As examples thereof, further mentioned are water-soluble polymer compounds such as various types of gelatin, (modified)polyvinyl alcohol, polyvinyl pyrrolidone, a hydrolysate of styrene-maleic acid copolymer, sodium polystyrene sulfonate, and sodium alginate. Furthermore, latices such as styrene-butadiene rubber latex, acrylonitrile-butadiene rubber latex, and methyl acrylate-butadiene rubber latex may be used.
The above-described water-soluble polymer compounds may further be enhanced in the storage stability thereof by being cross-linked. A cross-linking agent to be used on this occasion can appropriately be selected from cross-linking agents well known in the art; for example, mentioned are water-soluble initial condensation products such as N-methylol urea, N-methylol melamine, and urea-formalin; dialdehyde compounds such as glyoxal, and glutaraldehyde; inorganic crosslinking agents such as boric acid and borax; polyamide epichlorohydrin and vinylsulfon compounds.
An unsaturated compound can also be used for a mixture with a non-photopolymerizable film forming component; it is, for example, a physically dried polymer or a polymer solution in an organic solvent, that is, for example, nitrocellulose or cellulose acetobutylate. However, such an unsaturated compound may also be a chemically and/or thermally curable (thermosetting) resin, for example, polyisocyanate, polyepoxide, a melamine resin, or a polyimide precursor. Further, simultaneous employment of the thermosetting resin is important from the reason that it can be used in a system well known in the art as a hybrid system in which a photopolymerization is performed at a first step and, then, cross-linking is executed by a thermal post-treatment at a second step.
Further, a binder having a polymerizable group can also be used.
Furthermore, as an example of another additive, mentioned is a compound described in JP-A No. 11-269210.
When a pigment is contained in the recording material according to the present invention, any of known pigments may be used whichever organic or inorganic. Examples of pigments include kaolin, sintered kaolin, talc, agalmatolite, diatomaceous earth, calcium carbonate, aluminum hydroxide, magnesium hydroxide, zinc oxide, lithopone, amorphous silica, colloidal silica, sintered gypsum, silica, magnesium carbonate, titanium oxide, alumina, barium carbonate, barium sulfate, mica, micro balloon, a urea-formalin filler, polyester particles and a cellulose filler.

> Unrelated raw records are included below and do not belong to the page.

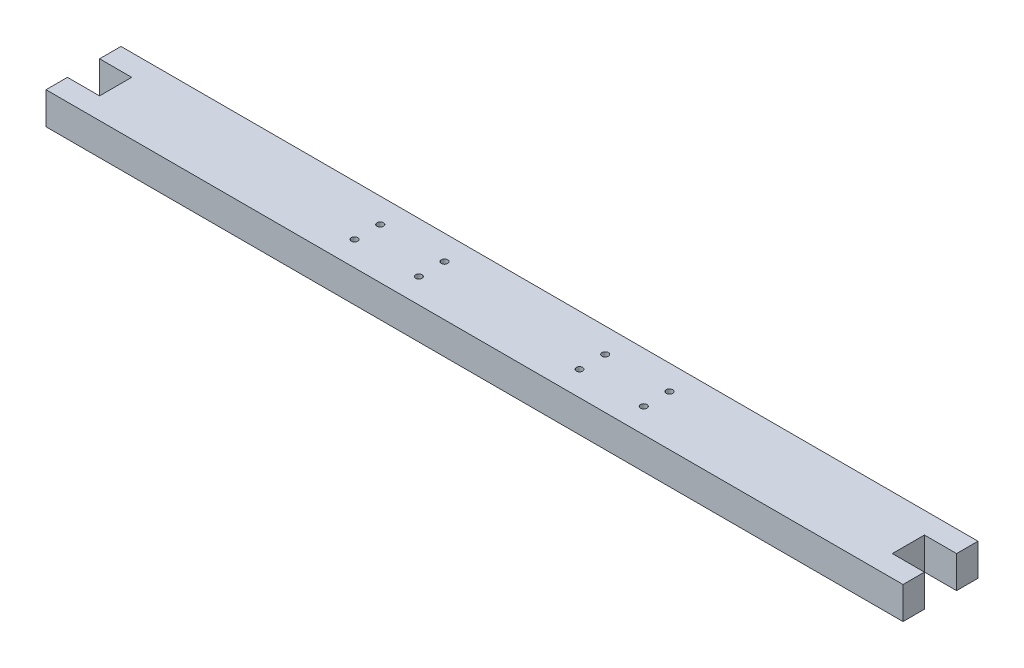
ISO-10303-21;
HEADER;
FILE_DESCRIPTION(('STEP AP214'),'2;1');
FILE_NAME('part.step','',(''),(''),'','','');
FILE_SCHEMA(('AUTOMOTIVE_DESIGN { 1 0 10303 214 1 1 1 1 }'));
ENDSEC;
DATA;
#1=APPLICATION_CONTEXT('core data for automotive mechanical design processes');
#2=APPLICATION_PROTOCOL_DEFINITION('international standard','automotive_design',2000,#1);
#3=PRODUCT_CONTEXT('',#1,'mechanical');
#4=PRODUCT('Part','Part','',(#3));
#5=PRODUCT_RELATED_PRODUCT_CATEGORY('part','',(#4));
#6=PRODUCT_DEFINITION_FORMATION('','',#4);
#7=PRODUCT_DEFINITION_CONTEXT('part definition',#1,'design');
#8=PRODUCT_DEFINITION('design','',#6,#7);
#9=PRODUCT_DEFINITION_SHAPE('','',#8);
#10=(LENGTH_UNIT() NAMED_UNIT(*) SI_UNIT(.MILLI.,.METRE.));
#11=(NAMED_UNIT(*) PLANE_ANGLE_UNIT() SI_UNIT($,.RADIAN.));
#12=(NAMED_UNIT(*) SI_UNIT($,.STERADIAN.) SOLID_ANGLE_UNIT());
#13=UNCERTAINTY_MEASURE_WITH_UNIT(LENGTH_MEASURE(1.E-05),#10,'distance_accuracy_value','');
#14=(GEOMETRIC_REPRESENTATION_CONTEXT(3) GLOBAL_UNCERTAINTY_ASSIGNED_CONTEXT((#13)) GLOBAL_UNIT_ASSIGNED_CONTEXT((#10,
#11,#12)) REPRESENTATION_CONTEXT('',''));
#15=CARTESIAN_POINT('',(0.,0.,0.));
#16=DIRECTION('',(0.,0.,1.));
#17=DIRECTION('',(1.,0.,0.));
#18=AXIS2_PLACEMENT_3D('',#15,#16,#17);
#19=CARTESIAN_POINT('',(0.,15.,-25.));
#20=DIRECTION('',(-1.,0.,0.));
#21=DIRECTION('',(0.,0.,1.));
#22=AXIS2_PLACEMENT_3D('',#19,#20,#21);
#23=PLANE('',#22);
#24=DIRECTION('',(0.,0.,-1.));
#25=VECTOR('',#24,1.);
#26=CARTESIAN_POINT('',(0.,0.,-25.));
#27=LINE('',#26,#25);
#28=CARTESIAN_POINT('',(0.,0.,-25.));
#29=VERTEX_POINT('',#28);
#30=CARTESIAN_POINT('',(0.,0.,-35.));
#31=VERTEX_POINT('',#30);
#32=EDGE_CURVE('E158',#29,#31,#27,.T.);
#33=ORIENTED_EDGE('',*,*,#32,.F.);
#34=DIRECTION('',(0.,-1.,0.));
#35=VECTOR('',#34,1.);
#36=CARTESIAN_POINT('',(0.,15.,-25.));
#37=LINE('',#36,#35);
#38=CARTESIAN_POINT('',(0.,15.,-25.));
#39=VERTEX_POINT('',#38);
#40=EDGE_CURVE('E11',#39,#29,#37,.T.);
#41=ORIENTED_EDGE('',*,*,#40,.F.);
#42=DIRECTION('',(0.,0.,-1.));
#43=VECTOR('',#42,1.);
#44=CARTESIAN_POINT('',(0.,15.,-25.));
#45=LINE('',#44,#43);
#46=CARTESIAN_POINT('',(0.,15.,-35.));
#47=VERTEX_POINT('',#46);
#48=EDGE_CURVE('E187',#39,#47,#45,.T.);
#49=ORIENTED_EDGE('',*,*,#48,.T.);
#50=DIRECTION('',(0.,-1.,0.));
#51=VECTOR('',#50,1.);
#52=CARTESIAN_POINT('',(0.,15.,-35.));
#53=LINE('',#52,#51);
#54=EDGE_CURVE('E39',#47,#31,#53,.T.);
#55=ORIENTED_EDGE('',*,*,#54,.T.);
#56=EDGE_LOOP('',(#33,#41,#49,#55));
#57=FACE_BOUND('',#56,.T.);
#58=ADVANCED_FACE('F36',(#57),#23,.T.);
#59=CARTESIAN_POINT('',(0.,15.,-25.));
#60=DIRECTION('',(0.,0.,-1.));
#61=DIRECTION('',(-1.,0.,0.));
#62=AXIS2_PLACEMENT_3D('',#59,#60,#61);
#63=PLANE('',#62);
#64=DIRECTION('',(1.,0.,0.));
#65=VECTOR('',#64,1.);
#66=CARTESIAN_POINT('',(0.,0.,-25.));
#67=LINE('',#66,#65);
#68=CARTESIAN_POINT('',(15.,0.,-25.));
#69=VERTEX_POINT('',#68);
#70=EDGE_CURVE('E186',#29,#69,#67,.T.);
#71=ORIENTED_EDGE('',*,*,#70,.T.);
#72=DIRECTION('',(0.,-1.,0.));
#73=VECTOR('',#72,1.);
#74=CARTESIAN_POINT('',(15.,15.,-25.));
#75=LINE('',#74,#73);
#76=CARTESIAN_POINT('',(15.,15.,-25.));
#77=VERTEX_POINT('',#76);
#78=EDGE_CURVE('E45',#77,#69,#75,.T.);
#79=ORIENTED_EDGE('',*,*,#78,.F.);
#80=DIRECTION('',(1.,0.,0.));
#81=VECTOR('',#80,1.);
#82=CARTESIAN_POINT('',(0.,15.,-25.));
#83=LINE('',#82,#81);
#84=EDGE_CURVE('E148',#39,#77,#83,.T.);
#85=ORIENTED_EDGE('',*,*,#84,.F.);
#86=ORIENTED_EDGE('',*,*,#40,.T.);
#87=EDGE_LOOP('',(#71,#79,#85,#86));
#88=FACE_BOUND('',#87,.T.);
#89=ADVANCED_FACE('F211',(#88),#63,.F.);
#90=CARTESIAN_POINT('',(15.,15.,-10.));
#91=DIRECTION('',(-1.,0.,0.));
#92=DIRECTION('',(0.,0.,1.));
#93=AXIS2_PLACEMENT_3D('',#90,#91,#92);
#94=PLANE('',#93);
#95=DIRECTION('',(0.,0.,-1.));
#96=VECTOR('',#95,1.);
#97=CARTESIAN_POINT('',(15.,0.,-10.));
#98=LINE('',#97,#96);
#99=CARTESIAN_POINT('',(15.,0.,-10.));
#100=VERTEX_POINT('',#99);
#101=EDGE_CURVE('E134',#100,#69,#98,.T.);
#102=ORIENTED_EDGE('',*,*,#101,.F.);
#103=DIRECTION('',(0.,-1.,0.));
#104=VECTOR('',#103,1.);
#105=CARTESIAN_POINT('',(15.,15.,-10.));
#106=LINE('',#105,#104);
#107=CARTESIAN_POINT('',(15.,15.,-10.));
#108=VERTEX_POINT('',#107);
#109=EDGE_CURVE('E129',#108,#100,#106,.T.);
#110=ORIENTED_EDGE('',*,*,#109,.F.);
#111=DIRECTION('',(0.,0.,-1.));
#112=VECTOR('',#111,1.);
#113=CARTESIAN_POINT('',(15.,15.,-10.));
#114=LINE('',#113,#112);
#115=EDGE_CURVE('E132',#108,#77,#114,.T.);
#116=ORIENTED_EDGE('',*,*,#115,.T.);
#117=ORIENTED_EDGE('',*,*,#78,.T.);
#118=EDGE_LOOP('',(#102,#110,#116,#117));
#119=FACE_BOUND('',#118,.T.);
#120=ADVANCED_FACE('F131',(#119),#94,.T.);
#121=CARTESIAN_POINT('',(0.,15.,-10.));
#122=DIRECTION('',(0.,0.,-1.));
#123=DIRECTION('',(-1.,0.,0.));
#124=AXIS2_PLACEMENT_3D('',#121,#122,#123);
#125=PLANE('',#124);
#126=DIRECTION('',(1.,0.,0.));
#127=VECTOR('',#126,1.);
#128=CARTESIAN_POINT('',(0.,0.,-10.));
#129=LINE('',#128,#127);
#130=CARTESIAN_POINT('',(0.,0.,-10.));
#131=VERTEX_POINT('',#130);
#132=EDGE_CURVE('E183',#131,#100,#129,.T.);
#133=ORIENTED_EDGE('',*,*,#132,.F.);
#134=DIRECTION('',(0.,-1.,0.));
#135=VECTOR('',#134,1.);
#136=CARTESIAN_POINT('',(0.,15.,-10.));
#137=LINE('',#136,#135);
#138=CARTESIAN_POINT('',(0.,15.,-10.));
#139=VERTEX_POINT('',#138);
#140=EDGE_CURVE('E139',#139,#131,#137,.T.);
#141=ORIENTED_EDGE('',*,*,#140,.F.);
#142=DIRECTION('',(1.,0.,0.));
#143=VECTOR('',#142,1.);
#144=CARTESIAN_POINT('',(0.,15.,-10.));
#145=LINE('',#144,#143);
#146=EDGE_CURVE('E146',#139,#108,#145,.T.);
#147=ORIENTED_EDGE('',*,*,#146,.T.);
#148=ORIENTED_EDGE('',*,*,#109,.T.);
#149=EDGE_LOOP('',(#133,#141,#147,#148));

In order to enhance fastness or a hue of an azo dye which is generated in the recording material according to the present invention, it is possible to add a metallic salt thereby forming a chelate dye. Examples of the metallic salts include a compound described in paragraphs of from 0109 to 0111 of JP-A No. 2000-247041.
The recording material according to the present invention comprises at least a diazo compound having no diazonio group, a coupler compound which forms color by reacting with the above-described diazo compound and a polymerizable compound on a substrate and may further optionally comprise an underlying layer, an intermediate layer, an ultraviolet ray absorbing layer, a protective layer, a back-coating layer and other layers.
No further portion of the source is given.